• _WHAT THE EXERCISE ASKS_: Give an exact copy of the data that follows, but none of its pictures.

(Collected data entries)
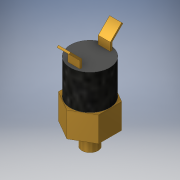
# Autodesk Inventor part: am-2006
Saved by Autodesk Inventor 2016 SP2 (Build 200236200, 236)
## iProperties
Created: 2017-03-28
Part Number: am-2006
Material: Brass
Document SubType Name: Modeling
Designer: smiku
Mass: 175.913 g
Surface Area: 62.4356 cm^2
Volume: 20.72 cm^3
Density: 8.49 g/cm^3
Appearance: Brass - Polished
Author: smiku
Autodesk Inventor part; units mm, degrees
ref_plane "YZ Plane" through (0, 0, 0) normal (1, 0, 0) x (0, 1, 0)
ref_plane "XZ Plane" through (0, 0, 0) normal (0, 1, 0) x (-1, 0, 0)
ref_plane "XY Plane" through (0, 0, 0) normal (0, 0, 1) x (1, 0, 0)
sketch "Sketch1" plane through (0, 0, 0) normal (0, 1, 0) x (-1, 0, 0)
  circle A0 centre (0, 0) radius 12.7 construction
  line L0 (12.7, -7.3323) -> (0, -14.6647)
  line L1 (0, -14.6647) -> (-12.7, -7.3323)
  line L2 (-12.7, -7.3323) -> (-12.7, 7.3323)
  line L3 (-12.7, 7.3323) -> (0, 14.6647)
  line L4 (0, 14.6647) -> (12.7, 7.3323)
  line L5 (12.7, 7.3323) -> (12.7, -7.3323)
  point P0 (12.7, 0)
  dimension "d0" = 25.4
  constraints: 12 end point, 2 coincident, 1 horizontal alignment, 1 midpoint, 1 vertical, 15 other
extrude "Extrusion1" add sketch "Sketch1" against normal blind 15.875
sketch "Sketch2" plane through (0, -15.875, 0) normal (0, -1, 0) x (1, 0, 0)
  circle A0 centre (0, 0) radius 1.5875
  circle A1 centre (0, 0) radius 5.08
  dimension "d3" = 3.175
  dimension "d4" = 10.16
  constraints: 2 centre point, 2 coincident
  measures "d3" diameter of A0
  measures "d4" diameter of A1
extrude "Extrusion2" add sketch "Sketch2" along normal blind 11.303
sketch "Sketch3" plane through (0, 0, 0) normal (0, 1, 0) x (1, 0, 0)
  circle A0 centre (0, 0) radius 12.446
  dimension "d7" = 24.892
  constraints: 1 centre point, 1 coincident
  measures "d7" diameter of A0
extrude "Extrusion3" add sketch "Sketch3" along normal blind 22.1234 separate body
sketch "Sketch4" plane through (0, 0, 0) normal (1, 0, 0) x (0, 1, 0)
  line L0 (22.1234, -12.446) -> (22.1234, 12.446) construction
  circle A0 centre (22.1234, 0) radius 9.0424 construction
  line L1 (22.1234, -9.0424) -> (27.2034, -9.0424)
  line L2 (22.1234, 9.0424) -> (27.2034, 9.0424)
  line L3 (27.2034, 9.0424) -> (34.3876, 16.2266)
  line L4 (27.2034, -9.0424) -> (34.3876, -16.2266)
  line L5 (27.2034, -9.0424) -> (37.3634, -9.0424) construction
  line L6 (33.5794, 17.0348) -> (26.73, 10.1854)
  line L7 (26.73, 10.1854) -> (22.1234, 10.1854)
  line L8 (33.5794, -17.0348) -> (26.73, -10.1854)
  line L9 (26.73, -10.1854) -> (22.1234, -10.1854)
  line L10 (22.1234, 10.1854) -> (22.1234, 9.0424)
  line L11 (22.1234, -9.0424) -> (22.1234, -10.1854)
  line L12 (34.3876, -16.2266) -> (33.5794, -17.0348)
  line L13 (34.3876, 16.2266) -> (33.5794, 17.0348)
  point P0 (0, 0)
  dimension "d10" = 18.0848
  dimension "d11" = 5.08
  dimension "d12" = 5.08
  dimension "d13" = 10.16
  dimension "d14" = 135
  dimension "d15" = 10.16
  dimension "d16" = 45
  dimension "d17" = 1.143
  dimension "d18" = 1.143
  constraints: 26 end point, 3 perpendicular, 2 collinear, 2 horizontal, 2 point on circle, 2 point on line, 2 tangent, 1 centre point, 1 equal length, 1 midpoint, 2 other
  measures "d10" diameter of A0
  measures "d11" distance of L1.start L1.end
  measures "d12" distance of L2.start L2.end
  measures "d13" distance of L2.end L3.end
  measures "d14" angle of L3 L2
  measures "d15" distance of L1.end L4.end
  measures "d16" angle of L4 L5
  measures "d17" distance between parallel lines of L3 L6
  measures "d18" distance between parallel lines of L4 L8
extrude "Extrusion4" add sketch "Sketch4" along normal mid plane 7.62 separate body
body "Solid1"
body "Solid2"
body "Solid3"

• _RESULT BELOW_:
# Autodesk Inventor part: am-2006
Saved by Autodesk Inventor 2016 SP2 (Build 200236200, 236)
## iProperties
Created: 2017-03-28
Part Number: am-2006
Material: Brass
Document SubType Name: Modeling
Designer: smiku
Mass: 175.913 g
Surface Area: 62.4356 cm^2
Volume: 20.72 cm^3
Density: 8.49 g/cm^3
Appearance: Brass - Polished
Author: smiku
Autodesk Inventor part; units mm, degrees
ref_plane "YZ Plane" through (0, 0, 0) normal (1, 0, 0) x (0, 1, 0)
ref_plane "XZ Plane" through (0, 0, 0) normal (0, 1, 0) x (-1, 0, 0)
ref_plane "XY Plane" through (0, 0, 0) normal (0, 0, 1) x (1, 0, 0)
sketch "Sketch1" plane through (0, 0, 0) normal (0, 1, 0) x (-1, 0, 0)
  circle A0 centre (0, 0) radius 12.7 construction
  line L0 (12.7, -7.3323) -> (0, -14.6647)
  line L1 (0, -14.6647) -> (-12.7, -7.3323)
  line L2 (-12.7, -7.3323) -> (-12.7, 7.3323)
  line L3 (-12.7, 7.3323) -> (0, 14.6647)
  line L4 (0, 14.6647) -> (12.7, 7.3323)
  line L5 (12.7, 7.3323) -> (12.7, -7.3323)
  point P0 (12.7, 0)
  dimension "d0" = 25.4
  constraints: 12 end point, 2 coincident, 1 horizontal alignment, 1 midpoint, 1 vertical, 15 other
extrude "Extrusion1" add sketch "Sketch1" against normal blind 15.875
sketch "Sketch2" plane through (0, -15.875, 0) normal (0, -1, 0) x (1, 0, 0)
  circle A0 centre (0, 0) radius 1.5875
  circle A1 centre (0, 0) radius 5.08
  dimension "d3" = 3.175
  dimension "d4" = 10.16
  constraints: 2 centre point, 2 coincident
  measures "d3" diameter of A0
  measures "d4" diameter of A1
extrude "Extrusion2" add sketch "Sketch2" along normal blind 11.303
sketch "Sketch3" plane through (0, 0, 0) normal (0, 1, 0) x (1, 0, 0)
  circle A0 centre (0, 0) radius 12.446
  dimension "d7" = 24.892
  constraints: 1 centre point, 1 coincident
  measures "d7" diameter of A0
extrude "Extrusion3" add sketch "Sketch3" along normal blind 22.1234 separate body
sketch "Sketch4" plane through (0, 0, 0) normal (1, 0, 0) x (0, 1, 0)
  line L0 (22.1234, -12.446) -> (22.1234, 12.446) construction
  circle A0 centre (22.1234, 0) radius 9.0424 construction
  line L1 (22.1234, -9.0424) -> (27.2034, -9.0424)
  line L2 (22.1234, 9.0424) -> (27.2034, 9.0424)
  line L3 (27.2034, 9.0424) -> (34.3876, 16.2266)
  line L4 (27.2034, -9.0424) -> (34.3876, -16.2266)
  line L5 (27.2034, -9.0424) -> (37.3634, -9.0424) construction
  line L6 (33.5794, 17.0348) -> (26.73, 10.1854)
  line L7 (26.73, 10.1854) -> (22.1234, 10.1854)
  line L8 (33.5794, -17.0348) -> (26.73, -10.1854)
  line L9 (26.73, -10.1854) -> (22.1234, -10.1854)
  line L10 (22.1234, 10.1854) -> (22.1234, 9.0424)
  line L11 (22.1234, -9.0424) -> (22.1234, -10.1854)
  line L12 (34.3876, -16.2266) -> (33.5794, -17.0348)
  line L13 (34.3876, 16.2266) -> (33.5794, 17.0348)
  point P0 (0, 0)
  dimension "d10" = 18.0848
  dimension "d11" = 5.08
  dimension "d12" = 5.08
  dimension "d13" = 10.16
  dimension "d14" = 135
  dimension "d15" = 10.16
  dimension "d16" = 45
  dimension "d17" = 1.143
  dimension "d18" = 1.143
  constraints: 26 end point, 3 perpendicular, 2 collinear, 2 horizontal, 2 point on circle, 2 point on line, 2 tangent, 1 centre point, 1 equal length, 1 midpoint, 2 other
  measures "d10" diameter of A0
  measures "d11" distance of L1.start L1.end
  measures "d12" distance of L2.start L2.end
  measures "d13" distance of L2.end L3.end
  measures "d14" angle of L3 L2
  measures "d15" distance of L1.end L4.end
  measures "d16" angle of L4 L5
  measures "d17" distance between parallel lines of L3 L6
  measures "d18" distance between parallel lines of L4 L8
extrude "Extrusion4" add sketch "Sketch4" along normal mid plane 7.62 separate body
body "Solid1"
body "Solid2"
body "Solid3"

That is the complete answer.